### Exercise
I would like the number of lines in the data that contain the word "Filtered". Please give that number alone.

### Record set
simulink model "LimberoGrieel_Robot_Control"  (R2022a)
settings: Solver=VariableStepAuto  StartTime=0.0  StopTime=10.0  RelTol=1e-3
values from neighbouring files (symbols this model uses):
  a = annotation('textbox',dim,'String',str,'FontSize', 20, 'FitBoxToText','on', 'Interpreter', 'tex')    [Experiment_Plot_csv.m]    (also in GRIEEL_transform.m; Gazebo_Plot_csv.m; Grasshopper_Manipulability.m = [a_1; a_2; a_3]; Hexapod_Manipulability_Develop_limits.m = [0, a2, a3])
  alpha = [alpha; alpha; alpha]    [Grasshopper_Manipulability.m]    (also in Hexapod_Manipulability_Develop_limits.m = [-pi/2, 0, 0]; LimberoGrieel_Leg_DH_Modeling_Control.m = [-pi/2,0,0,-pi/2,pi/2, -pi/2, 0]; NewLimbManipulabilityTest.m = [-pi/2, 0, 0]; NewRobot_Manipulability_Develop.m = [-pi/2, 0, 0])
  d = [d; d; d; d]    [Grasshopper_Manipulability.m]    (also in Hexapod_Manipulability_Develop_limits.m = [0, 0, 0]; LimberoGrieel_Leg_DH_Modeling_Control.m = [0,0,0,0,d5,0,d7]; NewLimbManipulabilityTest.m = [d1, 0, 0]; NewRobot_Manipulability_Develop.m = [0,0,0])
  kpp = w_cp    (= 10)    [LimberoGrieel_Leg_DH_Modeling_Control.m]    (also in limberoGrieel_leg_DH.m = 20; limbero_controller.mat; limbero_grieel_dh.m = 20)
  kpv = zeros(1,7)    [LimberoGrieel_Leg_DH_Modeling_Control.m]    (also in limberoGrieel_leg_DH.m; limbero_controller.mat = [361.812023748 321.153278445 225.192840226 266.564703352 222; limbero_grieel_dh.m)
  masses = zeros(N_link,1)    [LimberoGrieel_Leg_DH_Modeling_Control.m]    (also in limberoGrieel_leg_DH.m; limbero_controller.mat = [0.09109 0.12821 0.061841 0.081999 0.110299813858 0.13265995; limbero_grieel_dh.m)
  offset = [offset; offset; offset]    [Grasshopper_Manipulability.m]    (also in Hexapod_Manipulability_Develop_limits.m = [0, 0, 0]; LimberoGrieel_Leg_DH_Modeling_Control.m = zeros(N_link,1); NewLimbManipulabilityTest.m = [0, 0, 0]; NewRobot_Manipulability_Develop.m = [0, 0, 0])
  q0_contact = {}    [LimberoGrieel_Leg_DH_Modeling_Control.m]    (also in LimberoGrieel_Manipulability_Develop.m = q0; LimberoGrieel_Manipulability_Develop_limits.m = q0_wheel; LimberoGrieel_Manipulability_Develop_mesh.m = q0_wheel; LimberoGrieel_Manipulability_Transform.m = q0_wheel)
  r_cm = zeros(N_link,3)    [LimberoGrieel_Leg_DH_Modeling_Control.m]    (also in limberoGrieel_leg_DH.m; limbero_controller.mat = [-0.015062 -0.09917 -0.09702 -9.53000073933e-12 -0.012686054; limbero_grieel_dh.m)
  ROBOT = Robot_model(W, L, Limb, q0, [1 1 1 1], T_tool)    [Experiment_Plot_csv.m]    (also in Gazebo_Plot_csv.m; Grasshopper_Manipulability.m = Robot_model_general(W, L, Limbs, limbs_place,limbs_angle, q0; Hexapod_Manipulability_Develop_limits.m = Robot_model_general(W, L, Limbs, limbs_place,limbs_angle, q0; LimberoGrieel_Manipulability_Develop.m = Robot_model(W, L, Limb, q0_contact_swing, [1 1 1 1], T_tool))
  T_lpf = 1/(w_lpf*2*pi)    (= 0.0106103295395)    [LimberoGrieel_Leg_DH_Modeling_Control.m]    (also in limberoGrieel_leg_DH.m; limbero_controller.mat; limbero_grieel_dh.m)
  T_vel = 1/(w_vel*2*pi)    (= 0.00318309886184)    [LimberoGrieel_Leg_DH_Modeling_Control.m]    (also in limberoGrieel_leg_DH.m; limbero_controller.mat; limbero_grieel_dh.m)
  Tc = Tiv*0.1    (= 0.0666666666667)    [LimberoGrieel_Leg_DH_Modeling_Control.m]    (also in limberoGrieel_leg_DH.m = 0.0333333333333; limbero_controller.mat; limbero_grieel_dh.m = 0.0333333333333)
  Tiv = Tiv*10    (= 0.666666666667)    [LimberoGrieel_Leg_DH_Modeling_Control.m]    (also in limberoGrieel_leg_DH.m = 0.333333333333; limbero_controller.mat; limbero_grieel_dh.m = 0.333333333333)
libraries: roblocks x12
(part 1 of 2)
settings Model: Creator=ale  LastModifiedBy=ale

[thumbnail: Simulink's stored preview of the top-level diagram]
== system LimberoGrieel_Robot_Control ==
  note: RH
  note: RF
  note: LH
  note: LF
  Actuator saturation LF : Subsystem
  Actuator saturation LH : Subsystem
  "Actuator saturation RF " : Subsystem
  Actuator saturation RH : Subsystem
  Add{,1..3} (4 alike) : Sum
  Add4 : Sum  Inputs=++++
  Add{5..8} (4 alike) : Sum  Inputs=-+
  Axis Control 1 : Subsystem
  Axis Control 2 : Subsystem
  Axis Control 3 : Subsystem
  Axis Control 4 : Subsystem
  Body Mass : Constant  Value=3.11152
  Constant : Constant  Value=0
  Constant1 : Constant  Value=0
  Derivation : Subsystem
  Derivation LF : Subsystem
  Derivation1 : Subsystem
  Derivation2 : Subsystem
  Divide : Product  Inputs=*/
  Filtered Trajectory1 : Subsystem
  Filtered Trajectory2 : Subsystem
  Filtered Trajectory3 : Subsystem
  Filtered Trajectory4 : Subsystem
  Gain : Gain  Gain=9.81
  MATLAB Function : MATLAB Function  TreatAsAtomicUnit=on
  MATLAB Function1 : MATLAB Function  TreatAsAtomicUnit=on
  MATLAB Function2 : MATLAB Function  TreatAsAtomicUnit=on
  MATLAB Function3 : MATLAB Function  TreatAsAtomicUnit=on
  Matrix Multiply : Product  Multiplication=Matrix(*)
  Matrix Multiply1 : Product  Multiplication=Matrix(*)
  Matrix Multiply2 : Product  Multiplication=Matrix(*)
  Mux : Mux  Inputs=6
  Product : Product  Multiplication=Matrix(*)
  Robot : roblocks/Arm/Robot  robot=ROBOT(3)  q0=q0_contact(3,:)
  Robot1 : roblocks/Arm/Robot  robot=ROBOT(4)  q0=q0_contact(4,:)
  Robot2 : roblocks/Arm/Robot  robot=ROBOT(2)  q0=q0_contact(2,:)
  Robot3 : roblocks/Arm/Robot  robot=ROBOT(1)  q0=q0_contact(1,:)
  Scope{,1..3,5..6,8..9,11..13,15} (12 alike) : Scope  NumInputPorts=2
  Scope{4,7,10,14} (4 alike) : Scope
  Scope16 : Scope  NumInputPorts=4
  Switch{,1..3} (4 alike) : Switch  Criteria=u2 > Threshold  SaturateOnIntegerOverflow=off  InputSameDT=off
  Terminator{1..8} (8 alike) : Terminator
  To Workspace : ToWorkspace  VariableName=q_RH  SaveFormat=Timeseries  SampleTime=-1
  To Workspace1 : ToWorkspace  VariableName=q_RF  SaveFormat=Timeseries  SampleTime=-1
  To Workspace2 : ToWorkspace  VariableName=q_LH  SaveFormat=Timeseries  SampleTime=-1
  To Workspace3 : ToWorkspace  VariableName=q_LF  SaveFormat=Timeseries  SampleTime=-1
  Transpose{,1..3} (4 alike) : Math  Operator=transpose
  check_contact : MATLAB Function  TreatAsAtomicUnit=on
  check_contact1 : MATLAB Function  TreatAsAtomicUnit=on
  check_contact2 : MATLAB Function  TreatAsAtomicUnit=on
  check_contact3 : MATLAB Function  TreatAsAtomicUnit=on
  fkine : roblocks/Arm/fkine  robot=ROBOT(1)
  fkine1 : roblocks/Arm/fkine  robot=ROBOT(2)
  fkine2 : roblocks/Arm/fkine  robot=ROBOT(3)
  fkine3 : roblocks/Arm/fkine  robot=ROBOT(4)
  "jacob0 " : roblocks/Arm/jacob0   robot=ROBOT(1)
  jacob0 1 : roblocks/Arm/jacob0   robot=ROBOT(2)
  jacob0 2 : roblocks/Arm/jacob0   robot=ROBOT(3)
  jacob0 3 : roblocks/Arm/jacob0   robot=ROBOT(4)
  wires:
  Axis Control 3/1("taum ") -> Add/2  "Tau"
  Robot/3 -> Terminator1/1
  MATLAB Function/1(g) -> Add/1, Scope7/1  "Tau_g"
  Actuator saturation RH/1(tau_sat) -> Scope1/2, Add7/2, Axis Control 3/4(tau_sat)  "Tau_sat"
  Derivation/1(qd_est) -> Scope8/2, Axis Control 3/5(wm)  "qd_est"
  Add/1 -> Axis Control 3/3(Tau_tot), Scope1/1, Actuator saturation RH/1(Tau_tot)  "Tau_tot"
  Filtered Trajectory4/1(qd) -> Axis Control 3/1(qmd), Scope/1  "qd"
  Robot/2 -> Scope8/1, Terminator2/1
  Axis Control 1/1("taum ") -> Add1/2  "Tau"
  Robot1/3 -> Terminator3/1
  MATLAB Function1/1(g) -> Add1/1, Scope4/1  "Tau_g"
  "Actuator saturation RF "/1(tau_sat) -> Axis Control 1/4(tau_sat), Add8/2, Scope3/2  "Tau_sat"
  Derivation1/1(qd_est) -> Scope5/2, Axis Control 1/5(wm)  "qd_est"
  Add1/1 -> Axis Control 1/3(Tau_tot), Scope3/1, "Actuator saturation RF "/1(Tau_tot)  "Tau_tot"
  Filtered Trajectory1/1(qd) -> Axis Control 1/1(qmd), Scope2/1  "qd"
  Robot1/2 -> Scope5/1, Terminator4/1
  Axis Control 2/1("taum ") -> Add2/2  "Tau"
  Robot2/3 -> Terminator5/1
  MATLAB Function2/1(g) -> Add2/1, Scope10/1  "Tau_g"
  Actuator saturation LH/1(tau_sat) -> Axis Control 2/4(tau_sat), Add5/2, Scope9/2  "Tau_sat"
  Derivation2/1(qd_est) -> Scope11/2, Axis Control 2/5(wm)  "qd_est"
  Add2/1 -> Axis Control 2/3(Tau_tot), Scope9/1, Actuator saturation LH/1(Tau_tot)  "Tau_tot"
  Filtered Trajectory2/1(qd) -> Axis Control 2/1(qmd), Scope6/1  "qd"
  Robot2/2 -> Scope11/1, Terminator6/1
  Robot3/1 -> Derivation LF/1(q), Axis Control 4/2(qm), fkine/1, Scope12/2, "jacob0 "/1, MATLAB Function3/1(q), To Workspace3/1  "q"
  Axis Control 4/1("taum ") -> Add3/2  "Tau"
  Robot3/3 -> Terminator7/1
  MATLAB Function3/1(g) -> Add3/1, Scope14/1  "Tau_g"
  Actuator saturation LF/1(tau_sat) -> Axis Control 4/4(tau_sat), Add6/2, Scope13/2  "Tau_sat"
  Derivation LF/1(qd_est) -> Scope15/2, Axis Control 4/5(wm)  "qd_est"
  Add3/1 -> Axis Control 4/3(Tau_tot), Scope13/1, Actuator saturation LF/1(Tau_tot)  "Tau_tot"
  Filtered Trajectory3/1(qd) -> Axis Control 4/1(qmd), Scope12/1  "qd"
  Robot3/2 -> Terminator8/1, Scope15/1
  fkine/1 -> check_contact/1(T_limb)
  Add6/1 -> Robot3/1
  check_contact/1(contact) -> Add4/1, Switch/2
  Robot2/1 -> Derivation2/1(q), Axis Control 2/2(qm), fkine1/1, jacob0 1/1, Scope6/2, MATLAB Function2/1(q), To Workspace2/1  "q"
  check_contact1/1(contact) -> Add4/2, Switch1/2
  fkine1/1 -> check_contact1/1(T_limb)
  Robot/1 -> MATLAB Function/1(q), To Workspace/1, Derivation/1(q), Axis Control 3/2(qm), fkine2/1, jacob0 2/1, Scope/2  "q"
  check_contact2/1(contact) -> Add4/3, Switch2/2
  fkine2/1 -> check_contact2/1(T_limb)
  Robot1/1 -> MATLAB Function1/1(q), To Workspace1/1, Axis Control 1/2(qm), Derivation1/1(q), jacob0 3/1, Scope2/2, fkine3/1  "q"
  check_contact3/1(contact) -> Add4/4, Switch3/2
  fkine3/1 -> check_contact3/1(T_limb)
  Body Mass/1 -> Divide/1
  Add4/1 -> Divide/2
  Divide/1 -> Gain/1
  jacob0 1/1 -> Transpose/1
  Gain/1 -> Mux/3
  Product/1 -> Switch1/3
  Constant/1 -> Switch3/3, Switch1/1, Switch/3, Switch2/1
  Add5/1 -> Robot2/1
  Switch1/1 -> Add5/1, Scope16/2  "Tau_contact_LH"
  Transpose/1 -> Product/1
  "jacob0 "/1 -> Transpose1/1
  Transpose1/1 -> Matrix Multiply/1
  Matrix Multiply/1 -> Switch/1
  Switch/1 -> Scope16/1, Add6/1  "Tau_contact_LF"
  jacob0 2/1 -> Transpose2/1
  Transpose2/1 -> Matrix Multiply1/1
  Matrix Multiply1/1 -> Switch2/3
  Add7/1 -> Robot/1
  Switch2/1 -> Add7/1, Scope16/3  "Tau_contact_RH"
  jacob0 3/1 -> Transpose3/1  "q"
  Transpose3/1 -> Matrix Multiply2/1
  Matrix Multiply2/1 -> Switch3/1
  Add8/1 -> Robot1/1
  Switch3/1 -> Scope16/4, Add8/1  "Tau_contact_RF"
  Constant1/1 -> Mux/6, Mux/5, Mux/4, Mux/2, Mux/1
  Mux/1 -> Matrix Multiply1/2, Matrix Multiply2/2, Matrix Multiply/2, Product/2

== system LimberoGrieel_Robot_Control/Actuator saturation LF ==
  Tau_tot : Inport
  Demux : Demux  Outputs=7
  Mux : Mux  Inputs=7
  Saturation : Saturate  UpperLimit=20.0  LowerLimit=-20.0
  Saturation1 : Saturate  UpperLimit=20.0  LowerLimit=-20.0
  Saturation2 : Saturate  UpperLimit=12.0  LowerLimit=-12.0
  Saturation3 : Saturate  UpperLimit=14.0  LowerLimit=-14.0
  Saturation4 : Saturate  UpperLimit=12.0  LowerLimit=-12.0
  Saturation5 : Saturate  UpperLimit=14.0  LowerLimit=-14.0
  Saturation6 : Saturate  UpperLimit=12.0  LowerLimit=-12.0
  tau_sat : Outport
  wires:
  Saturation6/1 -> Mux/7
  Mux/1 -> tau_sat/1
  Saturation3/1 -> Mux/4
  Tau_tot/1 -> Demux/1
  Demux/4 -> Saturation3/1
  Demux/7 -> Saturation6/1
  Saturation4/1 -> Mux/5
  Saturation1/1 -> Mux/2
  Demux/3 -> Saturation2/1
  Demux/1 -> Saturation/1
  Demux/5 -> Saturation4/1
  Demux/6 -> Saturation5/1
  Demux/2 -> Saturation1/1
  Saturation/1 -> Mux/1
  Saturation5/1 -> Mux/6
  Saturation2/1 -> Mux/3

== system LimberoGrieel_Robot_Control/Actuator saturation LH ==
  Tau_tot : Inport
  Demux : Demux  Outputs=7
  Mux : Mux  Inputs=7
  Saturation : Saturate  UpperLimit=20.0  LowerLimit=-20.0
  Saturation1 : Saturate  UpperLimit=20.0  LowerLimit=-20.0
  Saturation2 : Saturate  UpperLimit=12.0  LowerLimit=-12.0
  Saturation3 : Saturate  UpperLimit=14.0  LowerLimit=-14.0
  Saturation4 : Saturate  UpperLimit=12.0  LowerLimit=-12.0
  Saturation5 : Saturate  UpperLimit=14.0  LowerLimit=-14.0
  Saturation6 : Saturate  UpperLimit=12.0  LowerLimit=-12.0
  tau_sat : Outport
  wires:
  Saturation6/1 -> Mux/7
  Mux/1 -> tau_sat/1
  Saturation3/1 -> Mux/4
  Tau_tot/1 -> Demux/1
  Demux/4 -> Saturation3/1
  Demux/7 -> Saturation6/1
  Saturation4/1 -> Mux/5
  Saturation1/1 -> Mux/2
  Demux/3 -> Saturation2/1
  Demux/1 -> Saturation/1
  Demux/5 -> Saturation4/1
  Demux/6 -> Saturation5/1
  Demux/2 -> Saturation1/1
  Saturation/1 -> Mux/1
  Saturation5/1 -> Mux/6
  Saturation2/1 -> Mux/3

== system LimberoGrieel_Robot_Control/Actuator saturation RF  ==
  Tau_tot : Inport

### Output for this task
8